Unaware of this effort (roots in Chinese graph dbs), I wrote a competing proposal that's more aimed at graphdbs looking to disaggregate compute and storage.

https://adsharma.github.io/beating-the-CAP-theorem-for-graph...

Neo4j has a GraphRAG book that I've found very helpful: https://neo4j.com/essential-graphrag/

It depends on the shape of your data. In my domain (cloud security), there are many many entities and it's very valuable to map out how they relate to each other.

For example, we often want to answer a question like: “Which publicly exposed EC2 instances are used by IAM roles that have administrative privileges in my AWS account?”

To answer the question, you need to: 1. Join ec2 instances to security groups to IP rules to IP ranges to find network exposure paths to the open internet. 2. Join the instances to their instance profiles, to their roles. 3. Join the IAM roles to their role policies to determine which have admin policies. 4. Chain all of those joins together, possibly with recursive queries if there are indirect relationships (e.g., role assumption chains).

That’s a lot of joins, and the SQL query would get both heavy and hard to maintain.

In graph this query looks something like

match (i:EC2Instance)--(sg:EC2SecurityGroup)--(r:IPPermissionInbound{action:"Allow"})--(rng:IPRange{id:"0.0.0.0/0"}) match (i)--(r:AWSRole)--(p:AWSPolicy)--(stmt:AWSPolicyStatement{effect:"Allow", resource:"*"}) return i.id as instance_id, r.name as role_name

To answer this question what internet open compute instances can act as admins in our environment, we needed to traverse multiple objects, but the shape of the answer is pretty simple: just a list of ids and names.

Graph databases have quirks and add complexity of their own.
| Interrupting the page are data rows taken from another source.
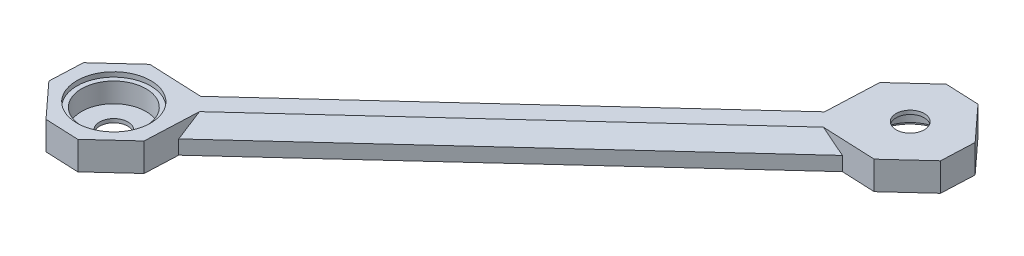
ISO-10303-21;
HEADER;
FILE_DESCRIPTION(('STEP AP214'),'2;1');
FILE_NAME('part.step','',(''),(''),'','','');
FILE_SCHEMA(('AUTOMOTIVE_DESIGN { 1 0 10303 214 1 1 1 1 }'));
ENDSEC;
DATA;
#1=APPLICATION_CONTEXT('core data for automotive mechanical design processes');
#2=APPLICATION_PROTOCOL_DEFINITION('international standard','automotive_design',2000,#1);
#3=PRODUCT_CONTEXT('',#1,'mechanical');
#4=PRODUCT('Part','Part','',(#3));
#5=PRODUCT_RELATED_PRODUCT_CATEGORY('part','',(#4));
#6=PRODUCT_DEFINITION_FORMATION('','',#4);
#7=PRODUCT_DEFINITION_CONTEXT('part definition',#1,'design');
#8=PRODUCT_DEFINITION('design','',#6,#7);
#9=PRODUCT_DEFINITION_SHAPE('','',#8);
#10=(LENGTH_UNIT() NAMED_UNIT(*) SI_UNIT(.MILLI.,.METRE.));
#11=(NAMED_UNIT(*) PLANE_ANGLE_UNIT() SI_UNIT($,.RADIAN.));
#12=(NAMED_UNIT(*) SI_UNIT($,.STERADIAN.) SOLID_ANGLE_UNIT());
#13=UNCERTAINTY_MEASURE_WITH_UNIT(LENGTH_MEASURE(1.E-05),#10,'distance_accuracy_value','');
#14=(GEOMETRIC_REPRESENTATION_CONTEXT(3) GLOBAL_UNCERTAINTY_ASSIGNED_CONTEXT((#13)) GLOBAL_UNIT_ASSIGNED_CONTEXT((#10,
#11,#12)) REPRESENTATION_CONTEXT('',''));
#15=CARTESIAN_POINT('',(0.,0.,0.));
#16=DIRECTION('',(0.,0.,1.));
#17=DIRECTION('',(1.,0.,0.));
#18=AXIS2_PLACEMENT_3D('',#15,#16,#17);
#19=CARTESIAN_POINT('',(64.048276533,-42.300004703,44.965154128));
#20=DIRECTION('',(0.,-1.,0.));
#21=DIRECTION('',(0.207911690937987,0.,-0.97814760070825));
#22=AXIS2_PLACEMENT_3D('',#19,#20,#21);
#23=CYLINDRICAL_SURFACE('',#22,3.);
#24=DIRECTION('',(0.,1.,0.));
#25=VECTOR('',#24,1.);
#26=CARTESIAN_POINT('',(64.672011605,-44.300004703,42.030711326));
#27=LINE('',#26,#25);
#28=CARTESIAN_POINT('',(64.672011605,-44.300004703,42.030711326));
#29=VERTEX_POINT('',#28);
#30=CARTESIAN_POINT('',(64.672011605,-43.500004703,42.030711326));
#31=VERTEX_POINT('',#30);
#32=EDGE_CURVE('E11',#29,#31,#27,.T.);
#33=ORIENTED_EDGE('',*,*,#32,.F.);
#34=CARTESIAN_POINT('',(64.048276533,-44.300004703,44.965154128));
#35=DIRECTION('',(0.,1.,0.));
#36=DIRECTION('',(-0.207911690937987,0.,0.97814760070825));
#37=AXIS2_PLACEMENT_3D('',#34,#35,#36);
#38=CIRCLE('',#37,3.);
#39=CARTESIAN_POINT('',(63.42454146,-44.300004703,47.89959693));
#40=VERTEX_POINT('',#39);
#41=EDGE_CURVE('E56',#40,#29,#38,.T.);
#42=ORIENTED_EDGE('',*,*,#41,.F.);
#43=CARTESIAN_POINT('',(64.048276533,-44.300004703,44.965154128));
#44=DIRECTION('',(0.,1.,0.));
#45=DIRECTION('',(-0.207911690937987,0.,0.97814760070825));
#46=AXIS2_PLACEMENT_3D('',#43,#44,#45);
#47=CIRCLE('',#46,3.);
#48=EDGE_CURVE('E242',#29,#40,#47,.T.);
#49=ORIENTED_EDGE('',*,*,#48,.F.);
#50=ORIENTED_EDGE('',*,*,#32,.T.);
#51=CARTESIAN_POINT('',(64.048276533,-43.500004703,44.965154128));
#52=DIRECTION('',(0.,1.,0.));
#53=DIRECTION('',(-0.207911690937987,0.,0.97814760070825));
#54=AXIS2_PLACEMENT_3D('',#51,#52,#53);
#55=CIRCLE('',#54,3.);
#56=CARTESIAN_POINT('',(63.42454146,-43.500004703,47.89959693));
#57=VERTEX_POINT('',#56);
#58=EDGE_CURVE('E48',#31,#57,#55,.T.);
#59=ORIENTED_EDGE('',*,*,#58,.T.);
#60=CARTESIAN_POINT('',(64.048276533,-43.500004703,44.965154128));
#61=DIRECTION('',(0.,1.,0.));
#62=DIRECTION('',(-0.207911690937987,0.,0.97814760070825));
#63=AXIS2_PLACEMENT_3D('',#60,#61,#62);
#64=CIRCLE('',#63,3.);
#65=EDGE_CURVE('E272',#57,#31,#64,.T.);
#66=ORIENTED_EDGE('',*,*,#65,.T.);
#67=EDGE_LOOP('',(#33,#42,#49,#50,#59,#66));
#68=FACE_BOUND('',#67,.T.);
#69=ADVANCED_FACE('F38',(#68),#23,.F.);
#70=CARTESIAN_POINT('',(348.939297813,-43.500004703,3.286550576));
#71=DIRECTION('',(0.,1.,0.));
#72=DIRECTION('',(1.,0.,0.));
#73=AXIS2_PLACEMENT_3D('',#70,#71,#72);
#74=PLANE('',#73);
#75=ORIENTED_EDGE('',*,*,#58,.F.);
#76=ORIENTED_EDGE('',*,*,#65,.F.);
#77=EDGE_LOOP('',(#75,#76));
#78=FACE_BOUND('',#77,.T.);
#79=DIRECTION('',(-0.043074595994265,0.,0.999071858866984));
#80=VECTOR('',#79,1.);
#81=CARTESIAN_POINT('',(53.603810934,-43.500004703,40.976026611));
#82=LINE('',#81,#80);
#83=CARTESIAN_POINT('',(53.603810934,-43.500004703,40.976026611));
#84=VERTEX_POINT('',#83);
#85=CARTESIAN_POINT('',(53.116477508,-43.500004703,52.279234391));
#86=VERTEX_POINT('',#85);
#87=EDGE_CURVE('E224',#84,#86,#82,.T.);
#88=ORIENTED_EDGE('',*,*,#87,.T.);
#89=DIRECTION('',(-0.736908825306351,0.,0.675992147281027));
#90=VECTOR('',#89,1.);
#91=CARTESIAN_POINT('',(53.116477508,-43.500004703,52.279234391));
#92=LINE('',#91,#90);
#93=CARTESIAN_POINT('',(-16.152952076,-43.500004703,115.82249623));
#94=VERTEX_POINT('',#93);
#95=EDGE_CURVE('E216',#86,#94,#92,.T.);
#96=ORIENTED_EDGE('',*,*,#95,.T.);
#97=DIRECTION('',(-0.999071858866984,0.,-0.043074595994265));
#98=VECTOR('',#97,1.);
#99=CARTESIAN_POINT('',(-16.152952076,-43.500004703,115.82249623));
#100=LINE('',#99,#98);
#101=CARTESIAN_POINT('',(-27.456159857,-43.500004703,115.335162804));
#102=VERTEX_POINT('',#101);
#103=EDGE_CURVE('E207',#94,#102,#100,.T.);
#104=ORIENTED_EDGE('',*,*,#103,.T.);
#105=DIRECTION('',(0.736908825306351,0.,-0.675992147281027));
#106=VECTOR('',#105,1.);
#107=CARTESIAN_POINT('',(-34.82524811,-43.500004703,122.095084277));
#108=LINE('',#107,#106);
#109=CARTESIAN_POINT('',(-34.82524811,-43.500004703,122.095084277));
#110=VERTEX_POINT('',#109);
#111=EDGE_CURVE('E361',#110,#102,#108,.T.);
#112=ORIENTED_EDGE('',*,*,#111,.F.);
#113=DIRECTION('',(-0.0430745959942651,0.,0.999071858866984));
#114=VECTOR('',#113,1.);
#115=CARTESIAN_POINT('',(-34.82524811,-43.500004703,122.095084277));
#116=LINE('',#115,#114);
#117=CARTESIAN_POINT('',(-35.129831501,-43.500004703,129.159589139));
#118=VERTEX_POINT('',#117);
#119=EDGE_CURVE('E217',#110,#118,#116,.T.);
#120=ORIENTED_EDGE('',*,*,#119,.T.);
#121=DIRECTION('',(-0.675992147281027,0.,-0.736908825306351));
#122=VECTOR('',#121,1.);
#123=CARTESIAN_POINT('',(-28.369910029,-43.500004703,136.528677393));
#124=LINE('',#123,#122);
#125=CARTESIAN_POINT('',(-28.369910029,-43.500004703,136.528677393));
#126=VERTEX_POINT('',#125);
#127=EDGE_CURVE('E248',#126,#118,#124,.T.);
#128=ORIENTED_EDGE('',*,*,#127,.F.);
#129=DIRECTION('',(0.999071858866984,0.,0.0430745959942651));
#130=VECTOR('',#129,1.);
#131=CARTESIAN_POINT('',(-28.369910029,-43.500004703,136.528677393));
#132=LINE('',#131,#130);
#133=CARTESIAN_POINT('',(-21.305405166,-43.500004703,136.833260784));
#134=VERTEX_POINT('',#133);
#135=EDGE_CURVE('E342',#126,#134,#132,.T.);
#136=ORIENTED_EDGE('',*,*,#135,.T.);
#137=DIRECTION('',(0.736908825306351,0.,-0.675992147281027));
#138=VECTOR('',#137,1.);
#139=CARTESIAN_POINT('',(-21.305405166,-43.500004703,136.833260784));
#140=LINE('',#139,#138);
#141=CARTESIAN_POINT('',(-13.936316912,-43.500004703,130.073339312));
#142=VERTEX_POINT('',#141);
#143=EDGE_CURVE('E265',#134,#142,#140,.T.);
#144=ORIENTED_EDGE('',*,*,#143,.T.);
#145=DIRECTION('',(-0.043074595994265,0.,0.999071858866984));
#146=VECTOR('',#145,1.);
#147=CARTESIAN_POINT('',(-13.448983487,-43.500004703,118.770131531));
#148=LINE('',#147,#146);
#149=CARTESIAN_POINT('',(-13.448983487,-43.500004703,118.770131531));
#150=VERTEX_POINT('',#149);
#151=EDGE_CURVE('E273',#150,#142,#148,.T.);
#152=ORIENTED_EDGE('',*,*,#151,.F.);
#153=DIRECTION('',(0.736908825306351,0.,-0.675992147281027));
#154=VECTOR('',#153,1.);
#155=CARTESIAN_POINT('',(-13.448983487,-43.500004703,118.770131531));
#156=LINE('',#155,#154);
#157=CARTESIAN_POINT('',(55.820446097,-43.500004703,55.226869693));
#158=VERTEX_POINT('',#157);
#159=EDGE_CURVE('E262',#150,#158,#156,.T.);
#160=ORIENTED_EDGE('',*,*,#159,.T.);
#161=DIRECTION('',(-0.999071858866984,0.,-0.043074595994265));
#162=VECTOR('',#161,1.);
#163=CARTESIAN_POINT('',(67.123653878,-43.500004703,55.714203118));
#164=LINE('',#163,#162);
#165=CARTESIAN_POINT('',(67.123653878,-43.500004703,55.714203118));
#166=VERTEX_POINT('',#165);
#167=EDGE_CURVE('E255',#166,#158,#164,.T.);
#168=ORIENTED_EDGE('',*,*,#167,.F.);
#169=DIRECTION('',(-0.736908825306351,0.,0.675992147281027));
#170=VECTOR('',#169,1.);
#171=CARTESIAN_POINT('',(74.492742132,-43.500004703,48.954281646));
#172=LINE('',#171,#170);
#173=CARTESIAN_POINT('',(74.492742132,-43.500004703,48.954281646));
#174=VERTEX_POINT('',#173);
#175=EDGE_CURVE('E184',#174,#166,#172,.T.);
#176=ORIENTED_EDGE('',*,*,#175,.F.);
#177=DIRECTION('',(-0.0430745959942651,0.,0.999071858866984));
#178=VECTOR('',#177,1.);
#179=CARTESIAN_POINT('',(74.797325522,-43.500004703,41.889776783));
#180=LINE('',#179,#178);
#181=CARTESIAN_POINT('',(74.797325522,-43.500004703,41.889776783));
#182=VERTEX_POINT('',#181);
#183=EDGE_CURVE('E189',#182,#174,#180,.T.);
#184=ORIENTED_EDGE('',*,*,#183,.F.);
#185=DIRECTION('',(0.675992147281027,0.,0.736908825306351));
#186=VECTOR('',#185,1.);
#187=CARTESIAN_POINT('',(68.03740405,-43.500004703,34.520688529));
#188=LINE('',#187,#186);
#189=CARTESIAN_POINT('',(68.03740405,-43.500004703,34.520688529));
#190=VERTEX_POINT('',#189);
#191=EDGE_CURVE('E291',#190,#182,#188,.T.);
#192=ORIENTED_EDGE('',*,*,#191,.F.);
#193=DIRECTION('',(-0.999071858866984,0.,-0.0430745959942651));
#194=VECTOR('',#193,1.);
#195=CARTESIAN_POINT('',(68.03740405,-43.500004703,34.520688529));
#196=LINE('',#195,#194);
#197=CARTESIAN_POINT('',(60.972899187,-43.500004703,34.216105138));
#198=VERTEX_POINT('',#197);
#199=EDGE_CURVE('E266',#190,#198,#196,.T.);
#200=ORIENTED_EDGE('',*,*,#199,.T.);
#201=DIRECTION('',(0.736908825306351,0.,-0.675992147281027));
#202=VECTOR('',#201,1.);
#203=CARTESIAN_POINT('',(53.603810934,-43.500004703,40.976026611));
#204=LINE('',#203,#202);
#205=EDGE_CURVE('E332',#84,#198,#204,.T.);
#206=ORIENTED_EDGE('',*,*,#205,.F.);
#207=EDGE_LOOP('',(#88,#96,#104,#112,#120,#128,#136,#144,#152,#160,#168,#176,#184,#192,#200,#206));
#208=FACE_BOUND('',#207,.T.);
#209=CARTESIAN_POINT('',(-24.380782511,-43.500004703,126.084211794));
#210=DIRECTION('',(0.,1.,0.));
#211=DIRECTION('',(-1.,0.,0.));
#212=AXIS2_PLACEMENT_3D('',#209,#210,#211);
#213=CIRCLE('',#212,7.85);
#214=CARTESIAN_POINT('',(-22.748675738,-43.500004703,118.405753128));
#215=VERTEX_POINT('',#214);
#216=CARTESIAN_POINT('',(-32.230782511,-43.500004703,126.084211794));
#217=VERTEX_POINT('',#216);
#218=EDGE_CURVE('E261',#215,#217,#213,.T.);
#219=ORIENTED_EDGE('',*,*,#218,.F.);
#220=CARTESIAN_POINT('',(-24.380782511,-43.500004703,126.084211794));
#221=DIRECTION('',(0.,1.,0.));
#222=DIRECTION('',(-1.,0.,0.));
#223=AXIS2_PLACEMENT_3D('',#220,#221,#222);
#224=CIRCLE('',#223,7.85);
#225=EDGE_CURVE('E308',#217,#215,#224,.T.);
#226=ORIENTED_EDGE('',*,*,#225,.F.);
#227=EDGE_LOOP('',(#219,#226));
#228=FACE_BOUND('',#227,.T.);
#229=ADVANCED_FACE('F220',(#78,#208,#228),#74,.T.);
#230=CARTESIAN_POINT('',(348.939297813,-44.300004703,3.286550576));
#231=DIRECTION('',(0.,1.,0.));
#232=DIRECTION('',(1.,0.,0.));
#233=AXIS2_PLACEMENT_3D('',#230,#231,#232);
#234=PLANE('',#233);
#235=CARTESIAN_POINT('',(64.048276533,-44.300004703,44.965154128));
#236=DIRECTION('',(0.,1.,0.));
#237=DIRECTION('',(-1.,0.,0.));
#238=AXIS2_PLACEMENT_3D('',#235,#236,#237);
#239=CIRCLE('',#238,6.85);
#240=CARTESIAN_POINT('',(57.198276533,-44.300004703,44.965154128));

If your domain isn't this edge heavy, you're probably better off with Postgres, but for our use-case it's been worth the trade-off imo.

I've recently started playing with graphDBs mostly for the purpose of using entities within parsed documents for my own ideas on a modified RAG approach (not graphRAG). However I'm not sure I would choose this for serious production type work compared to object stores like Mongo where your entity could easily have additional metadata sections of information in it's object store which could have anything you want. Right now as I brainstorm, I find that the graphDB just fits better with my mental thought meanderings.
1. LLMs excell at extracting facts from the context. Storing them as a subject-predicate-object relationships is "natural" for graph databases. Doing it right, so that this knowledge can be utilized more efficiently than any RAG, requires sophisticated context engineering, for example to avoid duplicates and keep consistent vocabulary for relationships, but it is totally achievable and the quality of automatically extracted knowledge can be almost spotless, especially if an LLM can also decide on generating parallel embeddings as a semantic search entry point for graph traversal.

2. Writing cypher queries is a job I would never like to have as a human. But LLMs love it, so that an agent can do an ad hoc data science for every single problem. Especially while being aware which criteria were used for graph construction. It is worth ditching things like MCP in favor of tool graph-like solutions. For this purpose I developed my own DSL which only LLM speaks in internally. The effects are mind-blowing.